# Requirement:
Find the number of lines below in which the word "SaturateOnIntegerOverflow" occurs. Write only that number.

Data entries
══════════════════════════════

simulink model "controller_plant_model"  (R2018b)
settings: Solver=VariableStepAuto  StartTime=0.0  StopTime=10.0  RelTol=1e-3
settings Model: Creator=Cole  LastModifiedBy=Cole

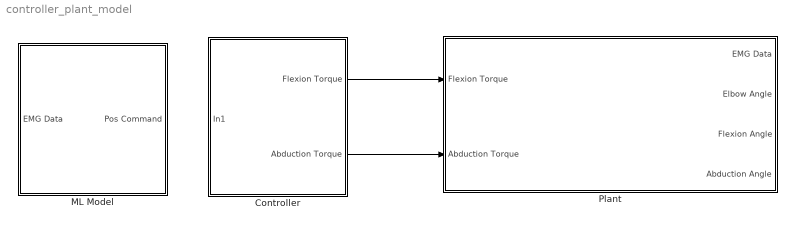
== system controller_plant_model ==
  Controller : Subsystem
  ML Model : Subsystem
  Plant : Subsystem
  wires:
  Controller/2(Abduction Torque) -> Plant/2(Abduction Torque)
  Controller/1(Flexion Torque) -> Plant/1(Flexion Torque)

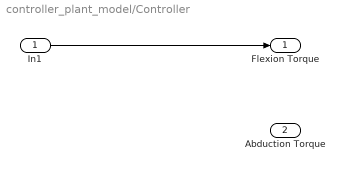
== system controller_plant_model/Controller ==
  In1 : Inport
  Flexion Torque : Outport
  Abduction Torque : Outport  Port=2
  wires:
  In1/1 -> Flexion Torque/1

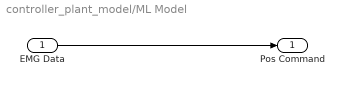
== system controller_plant_model/ML Model ==
  EMG Data : Inport
  Pos Command : Outport
  wires:
  EMG Data/1 -> Pos Command/1

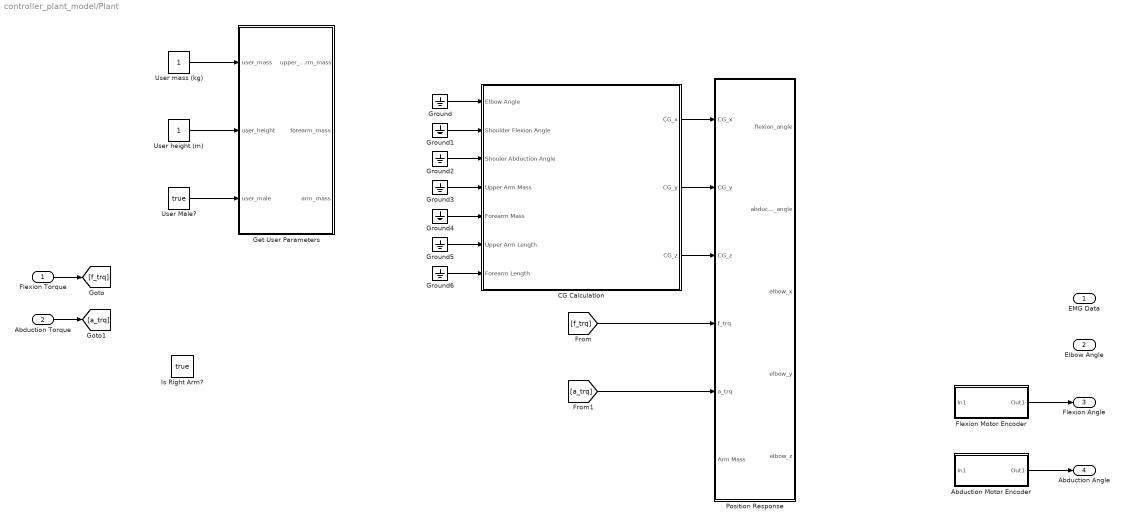
== system controller_plant_model/Plant ==
  Flexion Torque : Inport
  Abduction Torque : Inport  Port=2
  Abduction Motor Encoder : Subsystem
  CG Calculation : Subsystem
  Flexion Motor Encoder : Subsystem
  Get User Parameters : MATLAB Function  TreatAsAtomicUnit=on
  Ground{,1..6} (7 alike) : Ground
  Is Right Arm? : Constant  Value=true
  Position Response : Subsystem
  User Male? : Constant  Value=true
  User height (m) : Constant
  User mass (kg) : Constant
  EMG Data : Outport
  Elbow Angle : Outport  Port=2
  Flexion Angle : Outport  Port=3
  Abduction Angle : Outport  Port=4
  wires:
  User Male?/1 -> Get User Parameters/3(user_male)
  CG Calculation/2(CG_y) -> Position Response/2(CG_y)
  User mass (kg)/1 -> Get User Parameters/1(user_mass)
  User height (m)/1 -> Get User Parameters/2(user_height)
  CG Calculation/1(CG_x) -> Position Response/1(CG_x)
  Ground/1 -> CG Calculation/1(Elbow Angle)
  Ground1/1 -> CG Calculation/2(Shoulder Flexion Angle)
  Ground2/1 -> CG Calculation/3(Shouler Abduction Angle)
  Ground3/1 -> CG Calculation/4(Upper Arm Mass)
  Ground4/1 -> CG Calculation/5(Forearm Mass)
  Ground5/1 -> CG Calculation/6(Upper Arm Length)
  Ground6/1 -> CG Calculation/7(Forearm Length)
  Flexion Torque/1 -> [f_trq]
  Abduction Torque/1 -> [a_trq]
  [f_trq] -> Position Response/4(f_trq)
  [a_trq] -> Position Response/5(a_trq)
  CG Calculation/3(CG_z) -> Position Response/3(CG_z)
  Abduction Motor Encoder/1(Out1) -> Abduction Angle/1
  Flexion Motor Encoder/1(Out1) -> Flexion Angle/1

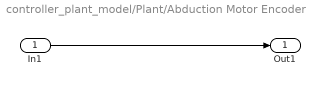
== system controller_plant_model/Plant/Abduction Motor Encoder ==
  In1 : Inport
  Out1 : Outport
  wires:
  In1/1 -> Out1/1

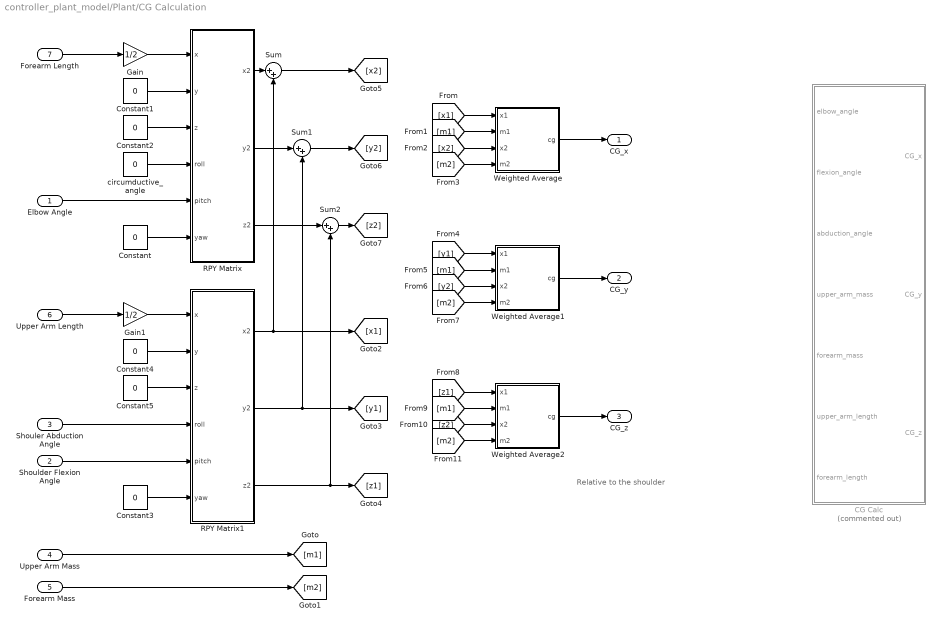
== system controller_plant_model/Plant/CG Calculation ==
  note: Relative to the shoulder
  Elbow Angle : Inport
  Shoulder Flexion Angle : Inport  Port=2
  Shouler Abduction Angle : Inport  Port=3
  Upper Arm Mass : Inport  Port=4
  Forearm Mass : Inport  Port=5
  Upper Arm Length : Inport  Port=6
  Forearm Length : Inport  Port=7
  CG Calc : MATLAB Function  Commented=on  TreatAsAtomicUnit=on
  Constant{,1..5} (6 alike) : Constant  Value=0
  Gain : Gain  Gain=1/2
  Gain1 : Gain  Gain=1/2
  RPY Matrix : MATLAB Function  TreatAsAtomicUnit=on
  RPY Matrix1 : MATLAB Function  TreatAsAtomicUnit=on
  Sum : Sum  Inputs=|++
  Sum1 : Sum  Inputs=|++
  Sum2 : Sum  Inputs=|++
  Weighted Average : MATLAB Function  TreatAsAtomicUnit=on
  Weighted Average1 : MATLAB Function  TreatAsAtomicUnit=on
  Weighted Average2 : MATLAB Function  TreatAsAtomicUnit=on
  circumductive_angle : Constant  Value=0
  CG_x : Outport
  CG_y : Outport  Port=2
  CG_z : Outport  Port=3
  wires:
  Elbow Angle/1 -> RPY Matrix/5(pitch)
  Forearm Length/1 -> Gain/1
  circumductive_angle/1 -> RPY Matrix/4(roll)
  Constant/1 -> RPY Matrix/6(yaw)
  Gain/1 -> RPY Matrix/1(x)
  Constant1/1 -> RPY Matrix/2(y)
  Constant2/1 -> RPY Matrix/3(z)
  Shouler Abduction Angle/1 -> RPY Matrix1/4(roll)
  Shoulder Flexion Angle/1 -> RPY Matrix1/5(pitch)
  Constant3/1 -> RPY Matrix1/6(yaw)
  Upper Arm Length/1 -> Gain1/1
  Gain1/1 -> RPY Matrix1/1(x)
  Constant4/1 -> RPY Matrix1/2(y)
  Constant5/1 -> RPY Matrix1/3(z)
  Weighted Average/1(cg) -> CG_x/1
  Weighted Average1/1(cg) -> CG_y/1
  Weighted Average2/1(cg) -> CG_z/1
  Upper Arm Mass/1 -> [m1]
  Forearm Mass/1 -> [m2]
  RPY Matrix1/1(x2) -> Sum/2, [x1]
  RPY Matrix1/2(y2) -> [y1], Sum1/2
  RPY Matrix1/3(z2) -> Sum2/2, [z1]
  RPY Matrix/1(x2) -> Sum/1
  RPY Matrix/2(y2) -> Sum1/1
  RPY Matrix/3(z2) -> Sum2/1
  [x1] -> Weighted Average/1(x1)
  [m1] -> Weighted Average/2(m1)
  [x2] -> Weighted Average/3(x2)
  [m2] -> Weighted Average/4(m2)
  [y1] -> Weighted Average1/1(x1)
  [m1] -> Weighted Average1/2(m1)
  [y2] -> Weighted Average1/3(x2)
  [m2] -> Weighted Average1/4(m2)
  [z1] -> Weighted Average2/1(x1)
  [m1] -> Weighted Average2/2(m1)
  [z2] -> Weighted Average2/3(x2)
  [m2] -> Weighted Average2/4(m2)
  Sum/1 -> [x2]
  Sum1/1 -> [y2]
  Sum2/1 -> [z2]

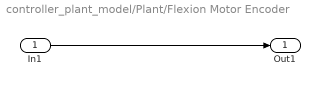
== system controller_plant_model/Plant/Flexion Motor Encoder ==
  In1 : Inport
  Out1 : Outport
  wires:
  In1/1 -> Out1/1

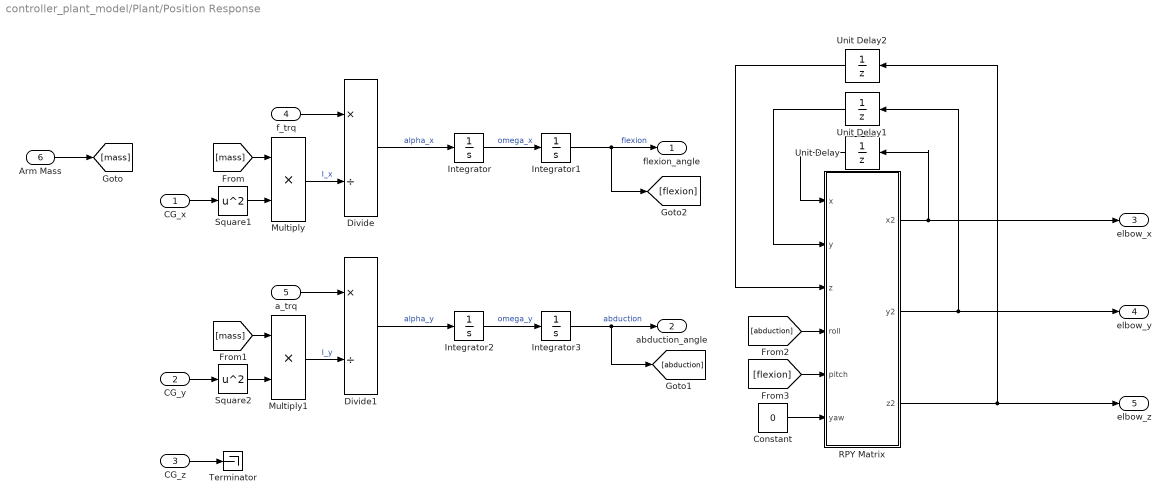
== system controller_plant_model/Plant/Position Response ==
  CG_x : Inport
  CG_y : Inport  Port=2
  CG_z : Inport  Port=3
  f_trq : Inport  Port=4
  a_trq : Inport  Port=5
  Arm Mass : Inport  Port=6
  Constant : Constant  Value=0
  Divide : Product  Inputs=*/
  Divide1 : Product  Inputs=*/
  Integrator{,1..3} (4 alike) : Integrator
  Multiply : Product
  Multiply1 : Product
  RPY Matrix : MATLAB Function  TreatAsAtomicUnit=on
  Square1 : Math  Operator=square  SaturateOnIntegerOverflow=on
  Square2 : Math  Operator=square  SaturateOnIntegerOverflow=on
  Terminator : Terminator
  Unit Delay : UnitDelay  SampleTime=-1
  Unit Delay1 : UnitDelay  SampleTime=-1
  Unit Delay2 : UnitDelay  SampleTime=-1
  flexion_angle : Outport
  abduction_angle : Outport  Port=2
  elbow_x : Outport  Port=3
  elbow_y : Outport  Port=4
  elbow_z : Outport  Port=5
  wires:
  CG_x/1 -> Square1/1
  Square1/1 -> Multiply/2
  Multiply/1 -> Divide/2  "I_x"
  f_trq/1 -> Divide/1
  Divide/1 -> Integrator/1  "alpha_x"
  Integrator/1 -> Integrator1/1  "omega_x"
  Integrator1/1 -> [flexion], flexion_angle/1  "flexion"
  Arm Mass/1 -> [mass]
  [mass] -> Multiply/1
  a_trq/1 -> Divide1/1
  Multiply1/1 -> Divide1/2  "I_y"
  Integrator3/1 -> [abduction], abduction_angle/1  "abduction"
  Divide1/1 -> Integrator2/1  "alpha_y"
  Integrator2/1 -> Integrator3/1  "omega_y"
  [mass] -> Multiply1/1
  Square2/1 -> Multiply1/2
  CG_y/1 -> Square2/1
  CG_z/1 -> Terminator/1
  [abduction] -> RPY Matrix/4(roll)
  [flexion] -> RPY Matrix/5(pitch)
  Constant/1 -> RPY Matrix/6(yaw)
  RPY Matrix/1(x2) -> Unit Delay/1, elbow_x/1
  RPY Matrix/2(y2) -> Unit Delay1/1, elbow_y/1
  RPY Matrix/3(z2) -> elbow_z/1, Unit Delay2/1
  Unit Delay/1 -> RPY Matrix/1(x)
  Unit Delay1/1 -> RPY Matrix/2(y)
  Unit Delay2/1 -> RPY Matrix/3(z)

== matlab function controller_plant_model/Plant/CG Calculation/CG Calc ==
  data: CG_x output; CG_y output; CG_z output; elbow_angle input; flexion_angle input; abduction_angle input; upper_arm_mass input; forearm_mass input; upper_arm_length input; forearm_length input
function [CG_x, CG_y, CG_z]= fcn(elbow_angle, flexion_angle, abduction_angle, upper_arm_mass, forearm_mass, upper_arm_length, forearm_length)

circumductive_angle = 0;

R_x =   [1 0 0;
        0 cos(abduction_angle) -sin(abduction_angle);
        0 sin(abduction_angle) cos(abduction_angle)];

R_y =   [cos(flexion_angle) 0 sin(flexion_angle);
        0 1 0;
        -sin(flexion_angle) 0 cos(flexion_angle)];

R_z = eye(3);

R_tot = R_x*R_y*R_z;

init_elbow_cg = [upper_arm_length/2 0 0];

final_elbow_cg = init_elbow_cg*R_tot;

R_x2 =  [1 0 0;
        0 cos(circumductive_angle) -sin(circumductive_angle);
        0 sin(circumductive_angle) cos(circumductive_angle)];

R_y2 =  [cos(elbow_angle) 0 sin(elbow_angle);
        0 1 0;
        -sin(elbow_angle) 0 cos(elbow_angle)];

R_z2 = eye(3);

R_tot2 = R_x2*R_y2*R_z2;

init_hand_cg = [forearm_length/2 0 0];
final_hand_cg = init_hand_cg*R_tot2;

CG_x = (final_elbow_cg(1)*upper_arm_mass + final_hand_cg(1)*forearm_mass)...
    / (upper_arm_mass+forearm_mass);
CG_y = (final_elbow_cg(2)*upper_arm_mass + final_hand_cg(2)*forearm_mass)...
    / (upper_arm_mass+forearm_mass);
CG_z = (final_elbow_cg(3)*upper_arm_mass + final_hand_cg(3)*forearm_mass)...
    / (upper_arm_mass+forearm_mass);
end

%{
elbow_x = upper_arm_length*sin(flexion_angle);
elbow_y = -upper_arm_length*sin(abduction_angle);
elbow_z = -upper_arm_length*sqrt(cos(flexion_angle)^2 + cos(abduction_angle)^2)/sqrt(2);

hand_x = forearm_length*cos(;
hand_y = 0;
hand_z = 0;
%}

== matlab function controller_plant_model/Plant/Get User Parameters ==
  data: user_mass input; user_height input; upper_arm_mass output; user_male input; forearm_mass output; arm_mass output
function [upper_arm_mass,forearm_mass,arm_mass] = fcn(user_mass, user_height, user_male)

if user_male
    upper_arm_mass = 0.0325*user_mass;
    forearm_mass = 0.0252*user_mass;
    arm_mass = upper_arm_mass + forearm_mass;
else
    upper_arm_mass = 0.029*user_mass;
    forearm_mass = 0.0207*user_mass;
    arm_mass = upper_arm_mass + forearm_mass;
end

== matlab function controller_plant_model/Plant/CG Calculation/RPY Matrix ==
  data: x input; y input; z input; roll input; x2 output; pitch input; yaw input; y2 output; z2 output
function [x2,y2,z2] = fcn(x,y,z,roll,pitch,yaw)

R_x =   [1 0 0;
        0 cos(roll) -sin(roll);
        0 sin(roll) cos(roll)];

R_y =   [cos(pitch) 0 sin(pitch);
        0 1 0;
        -sin(pitch) 0 cos(pitch)];

R_z =   [cos(yaw) -sin(yaw) 0
        sin(yaw) cos(yaw) 0
        0 0 1];

R_tot = R_x*R_y*R_z;

final_pos = [x y z]*R_tot;

x2 = final_pos(1);
y2 = final_pos(2);
z2 = final_pos(3);

== matlab function controller_plant_model/Plant/CG Calculation/RPY Matrix1 ==
  data: x input; y input; z input; roll input; x2 output; pitch input; yaw input; y2 output; z2 output
function [x2,y2,z2] = fcn(x,y,z,roll,pitch,yaw)

R_x =   [1 0 0;
        0 cos(roll) -sin(roll);
        0 sin(roll) cos(roll)];

R_y =   [cos(pitch) 0 sin(pitch);
        0 1 0;
        -sin(pitch) 0 cos(pitch)];

R_z =   [cos(yaw) -sin(yaw) 0
        sin(yaw) cos(yaw) 0
        0 0 1];

R_tot = R_x*R_y*R_z;

final_pos = [x y z]*R_tot;

x2 = final_pos(1);
y2 = final_pos(2);
z2 = final_pos(3);

== matlab function controller_plant_model/Plant/CG Calculation/Weighted Average ==
  data: x1 input; cg output; m1 input; x2 input; m2 input
function cg = fcn(x1,m1,x2,m2)

cg = (x1*m1 + x2*m2) / (m1+m2);

== matlab function controller_plant_model/Plant/CG Calculation/Weighted Average1 ==
  data: x1 input; cg output; m1 input; x2 input; m2 input
function cg = fcn(x1,m1,x2,m2)

cg = (x1*m1 + x2*m2) / (m1+m2);

== matlab function controller_plant_model/Plant/CG Calculation/Weighted Average2 ==
  data: x1 input; cg output; m1 input; x2 input; m2 input
function cg = fcn(x1,m1,x2,m2)

cg = (x1*m1 + x2*m2) / (m1+m2);

== matlab function controller_plant_model/Plant/Position Response/RPY Matrix ==
  data: x input; y input; z input; roll input; x2 output; pitch input; yaw input; y2 output; z2 output
function [x2,y2,z2] = fcn(x,y,z,roll,pitch,yaw)

R_x =   [1 0 0;
        0 cos(roll) -sin(roll);
        0 sin(roll) cos(roll)];

R_y =   [cos(pitch) 0 sin(pitch);
        0 1 0;
        -sin(pitch) 0 cos(pitch)];

R_z =   [cos(yaw) -sin(yaw) 0
        sin(yaw) cos(yaw) 0
        0 0 1];

R_tot = R_x*R_y*R_z;

final_pos = [x y z]*R_tot;

x2 = final_pos(1);
y2 = final_pos(2);
z2 = final_pos(3);

══════════════════════════════

# Solved exercise:
2